I can see two tools you can use in that situation: GitHub - bitwalker/swarm: Easy clustering, registration, and distribution of worker processes for Erlang/Elixir and GitHub - derekkraan/horde: Horde is a distributed Supervisor and Registry backed by DeltaCrdt.

Both pretty similar, Swarm more of it’s own API, while Horde trying to be compatible with Elixir’s Registry. I’ve used Swarm a lot, just a tiny bit of Horde so far so can’t tell you much about the later experience in production. Swarm (with libcluster) works great.

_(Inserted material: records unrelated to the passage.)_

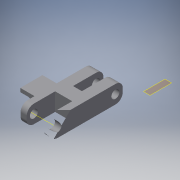
# Autodesk Inventor part: lever2
Saved by Autodesk Inventor 2016 (Build 200138000, 138)
## iProperties
Created: 2015-09-30
Part Number: lever2
Material: Generic
Document SubType Name: Modeling
Designer: Jesse Stevenson
Density: 1 g/cm^3
Appearance: Default
Author: Jesse Stevenson
Autodesk Inventor part; units mm, degrees
ref_plane "YZ Plane" through (0, 0, 0) normal (1, 0, 0) x (0, 1, 0)
ref_plane "XZ Plane" through (0, 0, 0) normal (0, 1, 0) x (-1, 0, 0)
ref_plane "XY Plane" through (0, 0, 0) normal (0, 0, 1) x (1, 0, 0)
ref_plane "Work Plane1" through (8.001, 26.0985, -18.0717) normal (0, 1, 0) x (0, 0, -1)
sketch "Sketch1" plane through (8.001, 26.0985, -18.0717) normal (0, 1, 0) x (0, 0, -1)
  line L0 (-43.7282, -1.4601) -> (-43.7282, -1.8842)
  line L1 (-43.7282, -1.8842) -> (-9.3098, -1.8842)
  line L2 (-9.3098, -1.8842) -> (-9.3098, 2.815)
  line L3 (-43.7282, 11.0271) -> (-43.7282, 11.4512)
  line L4 (-43.7282, 11.4512) -> (-9.3098, 11.4512)
  line L5 (-9.3098, 11.4512) -> (-9.3098, 6.752)
  line L6 (-43.7282, -1.4601) -> (-43.7282, 11.0271)
  line L7 (-9.3098, 2.815) -> (-25.0363, 2.815)
  line L8 (-25.0363, 2.815) -> (-25.0363, 6.752)
  line L9 (-25.0363, 6.752) -> (-9.3098, 6.752)
  line L10 (-18.0537, 2.815) -> (-18.0537, -1.8842) construction
  line L11 (-18.0537, 6.752) -> (-18.0537, 11.4512) construction
  line L12 (-16.6851, 3.45) -> (-16.6851, 6.117) construction
  line L13 (-16.6851, 3.45) -> (-12.9069, 3.45) construction
  line L14 (-12.9069, 3.45) -> (-12.9069, 6.117) construction
  line L15 (-12.9069, 6.117) -> (-16.6851, 6.117) construction
  point P0 (-18.0717, 8.001)
  dimension "d19" = 0.635
  dimension "d20" = 0.635
  constraints: 24 end point, 6 point on line, 4 collinear, 3 parallel, 3 perpendicular, 2 horizontal
  measures "d19" distance between parallel lines of L7 L13
  measures "d20" distance between parallel lines of L9 L15
extrude "Extrusion1" add sketch "Sketch1" along normal blind 7.9375
sketch "Sketch2" plane through (9.8852, 26.0985, 25.6565) normal (1, 0, 0) x (0, 0, -1)
  line L0 (34.4184, 0) -> (0, 0) construction
  line L1 (34.4184, 0) -> (34.4184, 7.9375) construction
  line L2 (0, 7.9375) -> (34.4184, 7.9375) construction
  line L3 (0, 0) -> (0, 7.9375) construction
  line L4 (34.4184, 0) -> (34.4184, 7.9375) construction
  line L5 (34.4184, 3.9687) -> (0, 3.9687) construction
  line L6 (34.4184, 0) -> (0, 0) construction
  line L7 (28.9311, 0) -> (28.9311, 7.9375) construction
  line L8 (34.4184, 7.9375) -> (14.8298, 7.9375) construction
  circle A0 centre (28.9311, 3.9687) radius 1.7859
  point P0 (25.6565, -26.0985)
  dimension "d8" = 3.5719
  constraints: 4 end point, 3 midpoint, 3 point on line, 1 centre point, 1 perpendicular
  measures "d8" diameter of A0
extrude "Extrusion2" cut sketch "Sketch2" against normal through all
fillet "Fillet1" radius 3.175 2 edges at (3.2175, 34.036, 25.6565) (3.2175, 26.0985, 25.6565)
sketch "Sketch3" plane through (9.8852, 26.0985, -8.7619) normal (1, 0, 0) x (0, 0, -1)
  circle A0 centre (-5.4873, 3.9688) radius 1.7859 projected
  line L0 (0, 0) -> (-31.2434, 0) projected
  line L1 (0, 0) -> (0, 7.9375) projected
  line L2 (-31.2434, 7.9375) -> (0, 7.9375) projected
  line L3 (-34.4184, 3.175) -> (-34.4184, 4.7625) projected
  line L4 (-31.2434, 3.175) -> (-31.2434, 4.7625) construction
  circle A1 centre (-31.2434, 3.9687) radius 1.7859
  arc A2 (-34.4184, 3.175) -> (-31.2434, 0) centre (-31.2434, 3.175) ccw projected
  arc A3 (-31.2434, 7.9375) -> (-34.4184, 4.7625) centre (-31.2434, 4.7625) ccw projected
  point P0 (-8.7619, -26.0985)
  dimension "d7" = 3.5719
  constraints: 2 end point, 1 centre point, 1 midpoint, 1 vertical
  measures "d7" diameter of A1
extrude "Extrusion3" cut sketch "Sketch3" against normal through all contours A1
sketch "Sketch5" plane through (9.8852, 26.0985, -8.7619) normal (1, 0, 0) x (0, 0, -1)
  circle A0 centre (-31.2434, 3.9688) radius 1.7859 construction
  circle A1 centre (-5.4873, 3.9688) radius 1.7859 construction
  line L0 (0, 0) -> (-31.2434, 0) construction
  line L1 (0, 0) -> (0, 7.9375) construction
  line L2 (-31.2434, 7.9375) -> (0, 7.9375) construction
  line L3 (-34.4184, 3.175) -> (-34.4184, 4.7625) construction
  line L4 (-15.9544, 0) -> (0, 0) projected
  line L5 (-2.2351, 0) -> (-2.2351, 7.9375)
  line L6 (-15.9544, 7.9375) -> (0, 7.9375) projected
  line L7 (-2.2351, 0) -> (-8.7527, 0)
  line L8 (-34.4184, 7.9375) -> (0, 7.9375) projected
  line L9 (-2.2351, 0) -> (0, 0)
  line L10 (0, 0) -> (0, 7.9375)
  line L11 (0, 7.9375) -> (-2.2351, 7.9375)
  line L12 (-2.2351, 7.9375) -> (-2.2351, 0)
  arc A2 (-34.4184, 3.175) -> (-31.2434, 0) centre (-31.2434, 3.175) ccw projected
  arc A3 (-31.2434, 7.9375) -> (-34.4184, 4.7625) centre (-31.2434, 4.7625) ccw projected
  point P0 (-8.7619, -26.0985)
  constraints: 12 end point, 3 point on line, 2 parallel, 2 perpendicular, 1 horizontal
extrude "Extrusion4" cut sketch "Sketch5" against normal through all
fillet "Fillet2" radius 3.175 4 edges at (7.5356, 34.036, -6.5269) (-1.1006, 34.036, -6.5269) (7.5356, 26.0985, -6.5269) (-1.1006, 26.0985, -6.5269)
sketch "Sketch6" plane through (8.001, 26.0985, -18.0717) normal (0, -1, 0) x (1, 0, 0)
  line L0 (-1.7153, 46.6729) -> (-1.7153, 39.3669) construction
  line L1 (-8.0653, 39.3669) -> (-8.0653, 46.6729) construction
  line L2 (-1.0803, 47.2656) -> (-1.0803, 39.3486) construction
  line L3 (-8.7003, 39.3486) -> (-8.7003, 42.6343) construction
  line L4 (-1.0803, 47.2656) -> (-8.7003, 47.2656)
  line L5 (-8.7003, 47.2656) -> (-8.7003, 31.0791)
  line L6 (-8.7003, 31.0791) -> (-1.0803, 31.0791)
  line L7 (-1.0803, 31.0791) -> (-1.0803, 47.2656)
  point P0 (-8.001, 18.0717)
  dimension "d12" = 0.635
  dimension "d13" = 0.635
  constraints: 16 end point, 4 parallel, 1 horizontal, 1 perpendicular
  measures "d12" distance between parallel lines of L0 L2
  measures "d13" distance between parallel lines of L1 L3
extrude "Extrusion5" cut sketch "Sketch6" against normal through all
sketch "Sketch8" plane through (-3.4502, 29.2735, 25.6565) normal (-1, 0, 0) x (0, 0, 1)
  arc A0 (-32.1833, 0) -> (-29.0083, -3.175) centre (-29.0083, 0) ccw construction
  line L0 (-3.175, -3.175) -> (-29.0083, -3.175) construction
  arc A1 (-3.175, -3.175) -> (0, 0) centre (-3.175, 0) ccw construction
  line L1 (0, 0) -> (0, 1.5875) construction
  arc A2 (0, 1.5875) -> (-3.175, 4.7625) centre (-3.175, 1.5875) ccw construction
  line L2 (-29.0083, 4.7625) -> (-3.175, 4.7625) construction
  arc A3 (-29.0083, 4.7625) -> (-32.1833, 1.5875) centre (-29.0083, 1.5875) ccw construction
  line L3 (-32.1833, 1.5875) -> (-32.1833, 0) construction
  circle A4 centre (-3.175, 0.7938) radius 1.7859 construction
  circle A5 centre (-28.9311, 0.7938) radius 1.7859 construction
  line L4 (-3.175, 4.7625) -> (-29.0083, 4.7625) projected
  line L5 (-6.2153, 4.7625) -> (-16.0917, 4.7625)
  line L6 (-16.0917, 4.7625) -> (-16.0917, 3.1144)
  line L7 (-16.0917, 3.1144) -> (-6.2153, 3.1144)
  line L8 (-6.2153, 3.1144) -> (-6.2153, 4.7625)
  point P0 (-25.6565, -29.2735)
  constraints: 8 end point, 2 parallel, 1 horizontal, 1 perpendicular, 1 point on line
extrude "Extrusion7" add sketch "Sketch8" along normal blind 6.35
fillet "Fillet3" radius 3.175 1 edges at (-3.4502, 32.3879, 14.503)
body "Solid1"

With both tools you can register GenServers (and other processes) as unique in the cluster, you can handle netsplit/topology changes where cluster breaks in half, configure minimum cluster quorum and also handle recovery when two nodes which briefly disconnected re-connect. The last feature is pretty cool, because you can have situations where two nodes are briefly running independently and started their own “global” GenServers and when they re-connect you want to ensure there is only one left running - and merge the state of both. With both Horde and Swarm you can do it.

I think Swarm may rely on libcluster, so not sure if it’ll work well with the clustering library you use. Horde probably too.

1 Like

Many thanks, @hubertlepicki, that’s a very informative answer. I’ll try these solutions this weekend. Thanks again.

Yet another question: we know that Node.connect/1 accepts an atom that is the node name to connect to. In an orchestrated environment, container IP addresses tend to change during reboots, so there will be indefinitely many atoms created in the service discovery procedures, and atoms are not garbage collected. Is this a potential memory leak? Or just because reboots are relatively rare cases, this memory leak can be neglected?

The problem would be only visible if you are in a hot deployment environment and do many many many deployments, right? Otherwise, on a cold stop deployment, the atom tables get nuked and you start fresh when new container starts.